(Beginning of Information shown)

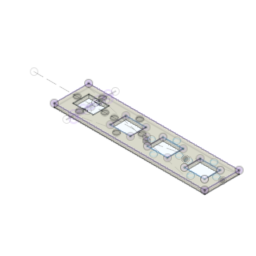
Buttons_Final (Autodesk Fusion 360 design; units mm, degrees)
Autodesk Fusion 360 part; units mm, degrees
note: some values were not read from the file. Chosen so that the rebuilt part matches the saved one: which face or edge a step refers to. Set by a fixed rule: which sketch regions a step uses.
(part 1 of 4)
sketch "Sketch1" plane through (0, 0, 0) normal (0, 1, 0) x (1, 0, 0) in component "Box"
  line L0 (86.75, -29) -> (-86.75, -29)
  line L1 (-86.75, -29) -> (-86.75, 29)
  line L2 (-86.75, 29) -> (86.75, 29)
  line L3 (86.75, 29) -> (86.75, -29)
  line L4 (86.75, -29) -> (-86.75, 29) construction
  line L5 (-86.75, -29) -> (86.75, 29) construction
  dimension "d407" = 173.5
  dimension "d408" = 58
  dimension "d1076" = 0
  dimension "d1077" = 0
  dimension "d1078" = 0
  dimension "d1079" = 0
  dimension "d1179" = 0
  dimension "d1180" = 0
  dimension "d1181" = 0
  dimension "d1182" = 0
  dimension "d1239" = 0
  dimension "d1240" = 0
  dimension "d1241" = 0
  dimension "d1242" = 0
  dimension "d1263" = 0
  dimension "d1264" = 0
  dimension "d1265" = 0
  dimension "d1266" = 0
  dimension "d1515" = 0
  dimension "d1516" = 0
  dimension "d1517" = 0
  dimension "d1518" = 0
  constraint perpendicular L0 L1
  constraint parallel L0 L2
  constraint parallel L1 L3
  constraint horizontal L0
  constraint coincident L4 origin
  constraint coincident L5 origin
  measures "d407" distance of L1.end L2.end
  measures "d408" distance of L0.end L1.end
extrude "Extrude1" add sketch "Sketch1" along normal blind 33 makes body 1 in component "Box"
sketch "Sketch2" plane through (0, 33, 0) normal (0, 1, 0) x (-1, 0, 0) in component "Box"
  line L0 (-86.75, -29) -> (86.75, -29)
  line L1 (86.75, -29) -> (86.75, 29)
  line L2 (86.75, 29) -> (-86.75, 29)
  line L3 (-86.75, 29) -> (-86.75, -29)
  line L4 (83.75, 26) -> (-83.75, 26)
  line L5 (-83.75, 26) -> (-83.75, -26)
  line L6 (-83.75, -26) -> (83.75, -26)
  line L7 (83.75, -26) -> (83.75, 26)
  dimension "d569" = -3
extrude "Extrude2" cut sketch "Sketch2" against normal up to surface (30 mm away) contours L4 L5 L6 L7 bodies 1 in component "Box"
sketch "Sketch5" plane through (0, 0, 29) normal (0, 0, 1) x (1, 0, 0) in component "Box"
  line L0 (-86.75, 0) -> (86.75, 0)
  line L1 (86.75, 0) -> (86.75, 33)
  line L2 (86.75, 33) -> (-86.75, 33)
  line L3 (-86.75, 33) -> (-86.75, 0)
  line L4 (-83.75, 3) -> (83.75, 3)
  line L5 (83.75, 3) -> (83.75, 33)
  line L6 (-83.75, 33) -> (-83.75, 3)
  line L7 (-47, 33) -> (83.75, 33)
  line L8 (86.75, 23) -> (86.75, 33)
  line L9 (83.75, 33) -> (86.75, 33)
  line L10 (-86.75, 33) -> (-83.75, 33)
  dimension "d440" = 3
  dimension "d441" = 3
  dimension "d442" = 3
  dimension "d595" = 10
  constraint coincident L2 L7.start
  constraint coincident L2 L5.end
  constraint parallel L0 L4
  constraint parallel L1 L5
  constraint parallel L3 L6
  constraint coincident L2 L6.start
  constraint coincident L1.end L2.start
  constraint coincident L1 L8.start
  constraint coincident L2.end L3.start
  measures "d440" distance of L0 L4
  measures "d441" distance of L3 L6
  measures "d442" distance of L1 L5
  measures "d595" distance of L1.end L8.start
extrude "Extrude5" cut sketch "Sketch5" against normal up to surface (3 mm away) contours L2 L4 L5 L6 L7 bodies 1 in component "Box"
sketch "Sketch3" plane through (0, 0, 29) normal (0, 0, 1) x (1, 0, 0) in component "Box"
  line L0 (-86.75, 0) -> (86.75, 0)
  line L1 (86.75, 0) -> (86.75, 33)
  line L2 (-86.75, 33) -> (-86.75, 0)
  line L3 (-86.75, 33) -> (-83.75, 33)
  line L4 (73.75, 21) -> (83.75, 21)
  line L5 (73.75, 21) -> (73.75, 3)
  line L6 (73.75, 3) -> (83.75, 3)
  line L7 (83.75, 3) -> (83.75, 21)
  line L8 (86.75, 0) -> (-86.75, 0)
  line L9 (-83.75, 33) -> (83.75, 33)
  line L10 (-83.75, 21) -> (-73.75, 21)
  line L11 (-73.75, 21) -> (-73.75, 3)
  line L12 (-73.75, 3) -> (-83.75, 3)
  line L13 (-83.75, 3) -> (-83.75, 21)
  line L14 (83.75, 33) -> (83.75, 3)
  line L15 (83.75, 3) -> (-83.75, 3)
  line L16 (-83.75, 3) -> (-83.75, 33)
  line L17 (86.75, 33) -> (83.75, 33)
  line L18 (83.75, 33) -> (86.75, 33)
  point P0 (0, 16.5)
  dimension "d424" = 10
  dimension "d1313" = 3
  dimension "d1315" = 12
  dimension "d1316" = 3
  dimension "d1566" = 10
  dimension "d1568" = 12
  dimension "d1570" = 3
  dimension "d1571" = 3
  constraint perpendicular L4 L5
  constraint perpendicular L5 L6
  constraint horizontal L10
  constraint vertical L11
  constraint horizontal L12
  constraint vertical L13
  measures "d424" distance of L4.end L4.start
  measures "d1313" distance of L6 L8
  measures "d1315" distance of L4 L9
  measures "d1316" distance of L1 L7
  measures "d1566" distance of L10.start L10.end
  measures "d1568" distance of L9 L10
  measures "d1570" distance of L8 L12
  measures "d1571" distance of L2 L13
extrude "Extrude3" add sketch "Sketch3" along normal mid plane 10 from surface at -45 contours L4 L5 L6 L7 L14 L15 bodies 1 in component "Box"
mirror "Mirror1" about plane through (0, 0, 0) normal (0, 0, 1) of "Extrude3" in component "Box"
sketch "Sketch4" plane through (0, 33, 0) normal (0, 1, 0) x (-1, 0, 0) in component "Box"
  line L0 (-86.75, -29) -> (86.75, -29)
  line L1 (86.75, -29) -> (86.75, 29)
  line L2 (-83.75, 29) -> (-86.75, 29)
  line L3 (-86.75, 29) -> (-86.75, -29)
  circle A0 centre (79.75, -24.8) radius 2
  line L4 (83.75, -26) -> (-83.75, -26)
  line L5 (-83.75, -26) -> (-83.75, 29)
  circle A1 centre (79.75, 24.8) radius 2
  line L6 (86.75, 29) -> (86.75, -29)
  line L7 (86.75, 29) -> (73.75, 29)
  line L8 (73.75, 29) -> (73.75, 21)
  line L9 (73.75, 21) -> (86.75, 21)
  line L10 (86.75, 21) -> (86.75, 29)
  line L11 (86.75, -29) -> (73.75, -29)
  line L12 (73.75, -29) -> (73.75, -21)
  line L13 (73.75, -21) -> (86.75, -21)
  line L14 (86.75, -21) -> (86.75, -29)
  line L15 (86.75, 29) -> (83.75, 29)
  dimension "d431" = 4
  dimension "d581" = 4.2
  dimension "d586" = 4
  dimension "d587" = 4.2
  dimension "d933" = 0
  dimension "d934" = 0
  dimension "d935" = 0
  dimension "d933_1" = 0
  dimension "d934_1" = 0
  dimension "d935_1" = 0
  dimension "d933_2" = 0
  dimension "d934_2" = 0
  dimension "d935_2" = 0
  dimension "d1672" = 7
  dimension "d1673" = 13
  dimension "d1674" = 8
  dimension "d1675" = 8
  dimension "d1676" = 13
  dimension "d1677" = 7
  constraint horizontal L7
  constraint vertical L8
  constraint horizontal L9
  constraint vertical L10
  constraint coincident L1.end L6.start
  constraint horizontal L11
  constraint vertical L12
  constraint horizontal L13
  constraint vertical L14
  constraint coincident L0.end L1.start
  measures "d431" diameter of A0
  measures "d581" distance of L0 A0.centre
  measures "d586" diameter of A1
  measures "d587" distance of L2 A1.centre
  measures "d1672" distance of A1.centre L6
  measures "d1673" distance of L1.end L7.end
  measures "d1674" distance of L1.end L9.end
  measures "d1675" distance of L0.end L13.end
  measures "d1676" distance of L0.end L11.end
  measures "d1677" distance of A0.centre L14
extrude "Extrude4" add sketch "Sketch4" against normal up to surface (30 mm away) contours L0 L1 L6 L11 L12 L13 L14 | L1 L6 L7 L8 L9 L10 L15 | A0 L4 | A0 L4 bodies 1 in component "Box"
mirror "Mirror2" about plane through (0, 0, 0) normal (1, 0, 0) of "Extrude4" in component "Box"
sketch "Sketch7" plane through (0, 33, 0) normal (0, 1, 0) x (-1, 0, 0) in component "Box"
  circle A0 centre (79.75, -24.8) radius 2
  line L0 (73.75, -26) -> (-73.75, -26)
  line L1 (-73.75, 29) -> (-86.75, 29)
  line L2 (-86.75, 29) -> (-86.75, -29)
  line L3 (-86.75, -29) -> (86.75, -29)
  line L4 (86.75, -29) -> (86.75, 29)
  line L5 (-73.75, 29) -> (73.75, 29)
  line L6 (86.75, 29) -> (86.75, -29)
  line L7 (-83.75, -21) -> (-83.75, 21)
  line L8 (73.75, 29) -> (73.75, 21)
  line L9 (73.75, 21) -> (83.75, 21)
  line L10 (83.75, 21) -> (83.75, -21)
  line L11 (83.75, -21) -> (73.75, -21)
  line L12 (73.75, -21) -> (73.75, -26)
  line L13 (-73.75, -26) -> (-73.75, -21)
  line L14 (-73.75, -21) -> (-83.75, -21)
  line L15 (-83.75, 21) -> (-73.75, 21)
  line L16 (-73.75, 21) -> (-73.75, 29)
  line L17 (86.75, 29) -> (73.75, 29)
  circle A1 centre (-79.75, 24.8) radius 2
  line L18 (86.75, -21) -> (86.75, -29)
  point P0 (87, 25)
  point P1 (79.75, -24.8)
  dimension "d570" = 4
  dimension "d584" = 4.2
  dimension "d1679" = 7
  measures "d570" diameter of A0
  measures "d584" distance of A0.centre L3
  measures "d1679" distance of A0.centre L18
sketch "Sketch1 (2)" plane through (0, 33, 0) normal (0, 1, 0) x (-1, 0, 0) in component "Lid"
  line L0 (-73.75, 29) -> (-86.75, 29)
  line L1 (-86.75, 29) -> (-86.75, -29)
  line L2 (-86.75, -29) -> (86.75, -29)
  line L3 (86.75, -29) -> (86.75, 29)
  line L4 (73.75, -26) -> (-73.75, -26)
  line L5 (73.75, -26) -> (-73.75, -26)
  line L6 (-83.75, 11) -> (-83.75, -11)
  line L7 (-73.75, -26) -> (73.75, -26)
  line L8 (83.75, -21) -> (83.75, 21)
  line L9 (73.75, 29) -> (-73.75, 29)
  line L10 (86.75, -29) -> (93.75, -29)
  line L11 (93.75, -29) -> (93.75, 32)
  line L12 (93.75, 32) -> (-93.75, 32)
  line L13 (-93.75, 32) -> (-93.75, -29)
  line L14 (-93.75, -29) -> (86.75, -29)
  line L15 (-93.75, 29) -> (93.75, 29)
  line L16 (93.75, 29) -> (93.75, -29)
  line L17 (93.75, -29) -> (-93.75, -29)
  line L18 (-93.75, -29) -> (-93.75, 29)
  line L19 (-93.75, 29) -> (93.75, -29) construction
  line L20 (93.75, 29) -> (-93.75, -29) construction
  line L21 (-73.75, 29) -> (-73.75, 11)
  line L22 (-73.75, 11) -> (-83.75, 11)
  line L23 (-83.75, -11) -> (-73.75, -11)
  line L24 (-73.75, -11) -> (-73.75, -26)
  line L25 (-83.75, -21) -> (-83.75, 21)
  line L26 (73.75, 29) -> (73.75, 21)
  line L27 (73.75, 21) -> (83.75, 21)
  line L28 (83.75, 21) -> (83.75, -21)
  line L29 (83.75, -21) -> (73.75, -21)
  line L30 (73.75, -21) -> (73.75, -26)
  line L31 (-73.75, -26) -> (-73.75, -21)
  line L32 (-73.75, -21) -> (-83.75, -21)
  line L33 (-83.75, 21) -> (-73.75, 21)
  line L34 (-73.75, 21) -> (-73.75, 29)
  line L35 (86.75, 29) -> (73.75, 29)
  line L36 (73.75, -26) -> (73.75, -21)
  line L37 (73.75, -21) -> (83.75, -21)
  line L38 (83.75, 21) -> (73.75, 21)
  line L39 (73.75, 21) -> (73.75, 29)
  circle A0 centre (-79.75, 24.8) radius 2
  circle A1 centre (79.75, 24.8) radius 2
  dimension "d1017" = 3
  dimension "d1018" = 10
  dimension "d1020" = 187.5
  dimension "d1072" = 0
  dimension "d1073" = 0
  dimension "d1074" = 0
  dimension "d1075" = 0
  dimension "d1235" = 0
  dimension "d1236" = 0
  dimension "d1237" = 0
  dimension "d1238" = 0
  dimension "d1449" = 0
  dimension "d1450" = 0
  dimension "d1451" = 0
  dimension "d1452" = 0
  dimension "d1463" = 0
  dimension "d1464" = 0
  dimension "d1465" = 0
  dimension "d1466" = 0
  dimension "d1495" = 0
  dimension "d1496" = 0
  dimension "d1497" = 0
  dimension "d1498" = 0
  dimension "d1507" = 0
  dimension "d1508" = 0
  dimension "d1509" = 0
  dimension "d1510" = 0
  dimension "d1511" = 0
  dimension "d1512" = 0
  dimension "d1513" = 0
  dimension "d1514" = 0
  dimension "d1531" = 0
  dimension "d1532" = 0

(End of Information shown)

_Task to complete_
Among the lines above, which hold the word "Autodesk"? Report each one.

_Written solution_
Buttons_Final (Autodesk Fusion 360 design; units mm, degrees)
Autodesk Fusion 360 part; units mm, degrees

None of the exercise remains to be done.